Bhat, an activist, claimed that India’s response to the NAFCC “demonstrates that adaptation is no longer a priority even as the country is experiencing record internal displacement from climate extremes.”

“The government has left its people’s homes, farms, and livelihoods to their own devices,” the statement read. If this continues, the next generation will inherit a country where climate refugees are a daily reality”, he said.

“This is climate injustice at its most blatant,” he says.

Migration is no longer merely a survival strategy.

Climate Action Network South Asia is a Dhaka-based coalition of about 250 civil society organisations, working in eight South Asian countries to promote government and individual action to limit human-induced climate change. According to its estimate, the climate crisis could force about 45 million people to relocate to India by 2050, which is threefold more than the current displacement figures.

We have long coastlines, hot and cold deserts, and Himalayan glaciers, according to the president. From tsunamis on our shores to flash floods, cloudbursts, and landslides in the mountains, we face the entire spectrum of climate extremes”, Bhat told Al Jazeera.

Bhat claimed that unchecked “development” of vulnerable areas is also a result of natural disasters.

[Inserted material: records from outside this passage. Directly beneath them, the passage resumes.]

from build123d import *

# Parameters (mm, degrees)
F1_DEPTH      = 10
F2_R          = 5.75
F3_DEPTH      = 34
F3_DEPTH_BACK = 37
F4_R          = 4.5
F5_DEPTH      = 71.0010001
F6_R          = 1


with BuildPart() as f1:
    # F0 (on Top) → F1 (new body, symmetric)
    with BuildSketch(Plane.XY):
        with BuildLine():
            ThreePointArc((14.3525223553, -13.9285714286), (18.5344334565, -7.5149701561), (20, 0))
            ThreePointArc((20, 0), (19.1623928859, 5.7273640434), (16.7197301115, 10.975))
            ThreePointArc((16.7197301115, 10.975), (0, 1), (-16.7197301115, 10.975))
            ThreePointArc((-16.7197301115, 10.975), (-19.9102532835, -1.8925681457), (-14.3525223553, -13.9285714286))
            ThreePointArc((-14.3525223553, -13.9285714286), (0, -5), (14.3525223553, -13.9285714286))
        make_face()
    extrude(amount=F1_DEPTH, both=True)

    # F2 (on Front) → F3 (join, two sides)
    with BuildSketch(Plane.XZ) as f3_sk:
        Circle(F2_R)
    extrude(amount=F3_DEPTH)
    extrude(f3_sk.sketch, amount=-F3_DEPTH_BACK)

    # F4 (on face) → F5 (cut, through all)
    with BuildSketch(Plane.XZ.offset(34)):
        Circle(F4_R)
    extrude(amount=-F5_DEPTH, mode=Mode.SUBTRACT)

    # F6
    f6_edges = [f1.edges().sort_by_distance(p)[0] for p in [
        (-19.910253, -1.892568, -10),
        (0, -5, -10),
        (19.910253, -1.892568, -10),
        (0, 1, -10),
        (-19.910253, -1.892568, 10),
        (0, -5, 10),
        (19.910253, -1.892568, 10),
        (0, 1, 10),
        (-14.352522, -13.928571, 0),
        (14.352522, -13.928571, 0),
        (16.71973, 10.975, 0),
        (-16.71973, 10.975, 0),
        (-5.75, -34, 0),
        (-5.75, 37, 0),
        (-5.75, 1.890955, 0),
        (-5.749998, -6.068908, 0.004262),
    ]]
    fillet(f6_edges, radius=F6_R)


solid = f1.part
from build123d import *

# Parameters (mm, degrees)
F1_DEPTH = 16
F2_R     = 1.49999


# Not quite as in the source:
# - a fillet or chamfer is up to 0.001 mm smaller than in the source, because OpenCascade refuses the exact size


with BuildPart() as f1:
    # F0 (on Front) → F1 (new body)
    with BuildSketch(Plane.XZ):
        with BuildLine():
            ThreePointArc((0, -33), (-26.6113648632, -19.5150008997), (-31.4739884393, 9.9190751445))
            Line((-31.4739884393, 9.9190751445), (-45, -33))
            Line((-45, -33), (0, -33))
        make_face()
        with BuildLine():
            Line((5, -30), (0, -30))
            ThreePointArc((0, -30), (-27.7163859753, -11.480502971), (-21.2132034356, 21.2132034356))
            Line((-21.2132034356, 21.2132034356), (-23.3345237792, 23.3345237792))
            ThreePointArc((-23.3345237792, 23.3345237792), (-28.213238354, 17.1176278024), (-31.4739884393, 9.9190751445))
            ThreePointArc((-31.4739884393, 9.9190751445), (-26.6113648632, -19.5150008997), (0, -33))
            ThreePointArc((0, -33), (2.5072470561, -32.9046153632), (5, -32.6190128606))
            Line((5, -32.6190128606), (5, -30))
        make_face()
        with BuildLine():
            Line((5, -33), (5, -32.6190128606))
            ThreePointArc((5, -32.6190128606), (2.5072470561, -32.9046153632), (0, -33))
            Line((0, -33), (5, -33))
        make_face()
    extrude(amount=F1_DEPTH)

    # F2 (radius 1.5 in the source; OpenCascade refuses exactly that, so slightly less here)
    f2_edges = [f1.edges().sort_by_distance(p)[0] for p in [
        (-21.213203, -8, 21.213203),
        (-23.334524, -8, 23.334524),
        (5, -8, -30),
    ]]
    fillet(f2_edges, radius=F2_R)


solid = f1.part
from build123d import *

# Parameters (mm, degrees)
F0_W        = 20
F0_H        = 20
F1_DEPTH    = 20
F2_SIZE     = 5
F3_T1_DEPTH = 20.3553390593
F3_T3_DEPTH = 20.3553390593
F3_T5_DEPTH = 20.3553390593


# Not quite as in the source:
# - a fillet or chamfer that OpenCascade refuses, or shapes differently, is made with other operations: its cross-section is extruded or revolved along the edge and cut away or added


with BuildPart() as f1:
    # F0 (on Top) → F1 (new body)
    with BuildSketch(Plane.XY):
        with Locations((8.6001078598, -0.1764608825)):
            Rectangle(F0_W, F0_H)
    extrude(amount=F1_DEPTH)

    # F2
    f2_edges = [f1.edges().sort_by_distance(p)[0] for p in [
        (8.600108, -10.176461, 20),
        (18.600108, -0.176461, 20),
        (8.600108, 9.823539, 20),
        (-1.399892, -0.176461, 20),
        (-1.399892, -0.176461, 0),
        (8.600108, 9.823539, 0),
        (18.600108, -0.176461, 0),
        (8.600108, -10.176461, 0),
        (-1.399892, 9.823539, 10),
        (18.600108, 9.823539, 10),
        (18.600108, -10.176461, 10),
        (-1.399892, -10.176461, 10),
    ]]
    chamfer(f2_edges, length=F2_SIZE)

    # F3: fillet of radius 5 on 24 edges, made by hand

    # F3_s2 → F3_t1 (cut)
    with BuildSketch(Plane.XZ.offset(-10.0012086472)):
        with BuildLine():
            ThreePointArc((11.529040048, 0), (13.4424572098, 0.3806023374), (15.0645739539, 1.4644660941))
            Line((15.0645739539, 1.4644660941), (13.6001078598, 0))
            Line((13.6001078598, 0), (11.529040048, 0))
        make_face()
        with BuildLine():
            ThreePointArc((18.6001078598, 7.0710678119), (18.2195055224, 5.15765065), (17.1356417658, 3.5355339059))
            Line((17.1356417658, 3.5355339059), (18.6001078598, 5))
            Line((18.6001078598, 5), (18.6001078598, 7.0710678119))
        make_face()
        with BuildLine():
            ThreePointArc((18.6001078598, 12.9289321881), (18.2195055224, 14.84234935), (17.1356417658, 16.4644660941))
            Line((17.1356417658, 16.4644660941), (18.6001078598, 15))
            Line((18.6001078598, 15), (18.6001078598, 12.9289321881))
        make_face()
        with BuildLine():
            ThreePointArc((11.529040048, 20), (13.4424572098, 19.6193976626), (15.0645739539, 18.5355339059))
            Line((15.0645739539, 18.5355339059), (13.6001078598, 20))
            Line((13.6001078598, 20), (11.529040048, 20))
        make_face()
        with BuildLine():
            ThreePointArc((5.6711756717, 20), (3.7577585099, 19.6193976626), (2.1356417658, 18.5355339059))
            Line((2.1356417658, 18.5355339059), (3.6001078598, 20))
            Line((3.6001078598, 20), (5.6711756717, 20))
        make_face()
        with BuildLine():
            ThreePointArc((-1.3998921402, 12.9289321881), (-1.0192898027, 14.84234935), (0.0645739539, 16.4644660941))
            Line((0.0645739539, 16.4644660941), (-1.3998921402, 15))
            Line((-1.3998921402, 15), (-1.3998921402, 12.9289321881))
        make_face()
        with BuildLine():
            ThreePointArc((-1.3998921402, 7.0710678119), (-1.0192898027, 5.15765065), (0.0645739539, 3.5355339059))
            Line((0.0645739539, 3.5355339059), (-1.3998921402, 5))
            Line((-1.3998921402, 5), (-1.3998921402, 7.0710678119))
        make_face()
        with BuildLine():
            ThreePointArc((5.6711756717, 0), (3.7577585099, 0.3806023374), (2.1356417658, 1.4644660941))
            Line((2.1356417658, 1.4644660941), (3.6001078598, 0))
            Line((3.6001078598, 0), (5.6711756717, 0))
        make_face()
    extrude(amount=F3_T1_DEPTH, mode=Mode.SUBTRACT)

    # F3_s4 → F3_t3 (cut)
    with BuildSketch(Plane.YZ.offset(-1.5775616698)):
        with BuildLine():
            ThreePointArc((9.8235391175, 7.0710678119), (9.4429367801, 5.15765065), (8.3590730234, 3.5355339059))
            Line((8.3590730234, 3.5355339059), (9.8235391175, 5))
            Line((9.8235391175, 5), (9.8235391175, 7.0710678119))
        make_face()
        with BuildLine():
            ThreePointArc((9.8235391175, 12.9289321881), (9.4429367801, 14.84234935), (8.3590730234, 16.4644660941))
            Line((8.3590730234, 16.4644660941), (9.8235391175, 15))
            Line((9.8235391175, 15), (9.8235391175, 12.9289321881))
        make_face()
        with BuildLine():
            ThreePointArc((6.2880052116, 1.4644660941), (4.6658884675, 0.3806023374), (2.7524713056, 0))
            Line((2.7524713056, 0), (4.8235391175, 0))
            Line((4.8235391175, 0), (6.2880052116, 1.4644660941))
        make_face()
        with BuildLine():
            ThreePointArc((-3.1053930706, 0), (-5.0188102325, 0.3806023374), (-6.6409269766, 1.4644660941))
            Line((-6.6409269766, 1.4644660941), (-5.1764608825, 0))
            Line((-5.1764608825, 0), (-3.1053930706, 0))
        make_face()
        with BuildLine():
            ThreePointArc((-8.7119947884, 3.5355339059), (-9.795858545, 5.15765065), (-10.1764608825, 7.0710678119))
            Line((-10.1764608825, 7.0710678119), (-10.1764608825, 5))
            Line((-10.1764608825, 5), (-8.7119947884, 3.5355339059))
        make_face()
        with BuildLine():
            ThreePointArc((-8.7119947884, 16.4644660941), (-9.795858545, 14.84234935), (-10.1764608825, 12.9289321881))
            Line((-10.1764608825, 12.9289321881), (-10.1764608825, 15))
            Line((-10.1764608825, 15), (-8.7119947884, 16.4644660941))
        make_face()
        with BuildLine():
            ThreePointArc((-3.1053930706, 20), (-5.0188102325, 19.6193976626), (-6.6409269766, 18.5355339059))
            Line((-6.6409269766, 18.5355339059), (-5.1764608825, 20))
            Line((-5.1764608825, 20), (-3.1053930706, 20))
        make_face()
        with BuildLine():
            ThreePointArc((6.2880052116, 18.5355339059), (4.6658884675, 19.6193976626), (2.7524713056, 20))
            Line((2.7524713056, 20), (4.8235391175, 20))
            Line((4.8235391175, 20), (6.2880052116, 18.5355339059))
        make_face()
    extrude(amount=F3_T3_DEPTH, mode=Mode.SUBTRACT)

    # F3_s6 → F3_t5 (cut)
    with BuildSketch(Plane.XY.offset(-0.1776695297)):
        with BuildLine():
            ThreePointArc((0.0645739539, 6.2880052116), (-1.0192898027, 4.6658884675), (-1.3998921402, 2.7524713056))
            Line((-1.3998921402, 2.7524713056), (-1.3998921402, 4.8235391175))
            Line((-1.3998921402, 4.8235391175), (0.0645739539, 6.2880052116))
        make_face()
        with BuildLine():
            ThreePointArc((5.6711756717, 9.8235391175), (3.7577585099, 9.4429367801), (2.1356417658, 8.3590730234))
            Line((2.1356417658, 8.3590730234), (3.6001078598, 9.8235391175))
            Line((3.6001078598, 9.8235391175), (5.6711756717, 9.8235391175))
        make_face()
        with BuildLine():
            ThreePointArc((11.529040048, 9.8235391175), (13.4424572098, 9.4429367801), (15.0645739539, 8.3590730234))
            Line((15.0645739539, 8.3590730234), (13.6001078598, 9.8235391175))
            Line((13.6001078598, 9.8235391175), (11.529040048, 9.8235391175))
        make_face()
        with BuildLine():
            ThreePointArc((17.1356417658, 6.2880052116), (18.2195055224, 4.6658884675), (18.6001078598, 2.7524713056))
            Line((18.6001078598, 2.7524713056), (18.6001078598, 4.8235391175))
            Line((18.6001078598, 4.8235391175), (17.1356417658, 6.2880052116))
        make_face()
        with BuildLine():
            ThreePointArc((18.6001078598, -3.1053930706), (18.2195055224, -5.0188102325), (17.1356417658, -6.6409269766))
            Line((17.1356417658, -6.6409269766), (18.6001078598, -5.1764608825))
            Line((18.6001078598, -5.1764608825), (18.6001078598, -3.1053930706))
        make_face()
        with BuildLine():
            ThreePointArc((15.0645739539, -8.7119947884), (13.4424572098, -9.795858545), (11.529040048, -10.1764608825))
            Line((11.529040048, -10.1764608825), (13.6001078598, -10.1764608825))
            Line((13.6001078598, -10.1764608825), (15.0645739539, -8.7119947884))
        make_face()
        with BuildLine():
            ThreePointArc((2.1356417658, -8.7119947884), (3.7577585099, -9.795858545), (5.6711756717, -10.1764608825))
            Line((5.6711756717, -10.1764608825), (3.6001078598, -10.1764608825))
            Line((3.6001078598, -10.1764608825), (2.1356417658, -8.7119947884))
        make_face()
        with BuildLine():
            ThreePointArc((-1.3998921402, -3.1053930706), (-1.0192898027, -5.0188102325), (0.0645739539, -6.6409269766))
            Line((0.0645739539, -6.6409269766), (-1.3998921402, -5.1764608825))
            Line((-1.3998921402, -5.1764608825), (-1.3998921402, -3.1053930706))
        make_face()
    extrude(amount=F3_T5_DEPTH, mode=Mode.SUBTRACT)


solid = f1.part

“In the past, there were few frequent floods or cloudbursts and a low population density. Now, haphazard construction around mountain passes, waterways and streams, along with rampant deforestation, has amplified these disasters”, he said.

People who once fled New Delhi’s air pollution are now living in the Himalayan states of Himachal Pradesh or Uttarakhand. Moving is no longer a choice, but rather a survival strategy.

Bhat warned that neglecting people affected by climate-related displacement could cause the world’s largest climate migration crisis.

“We no longer behave as our constitution promised, providing for welfare.” We pay taxes like developed nations, but receive services that cause climate crises, leaving many people to die. “We are completely unprepared for the mass migrations that will inevitably result from both our mountains and our plains,” he said.

Back at the temporary government shelter in Kashmir’s landslide-hit Sarh village, Ahmad fears an uncertain future for him and his family.

We will not just be homeless if we don’t have access to shelter and land, but we will also turn out to be refugees in our own land, cast aside, and without any other protection, he said.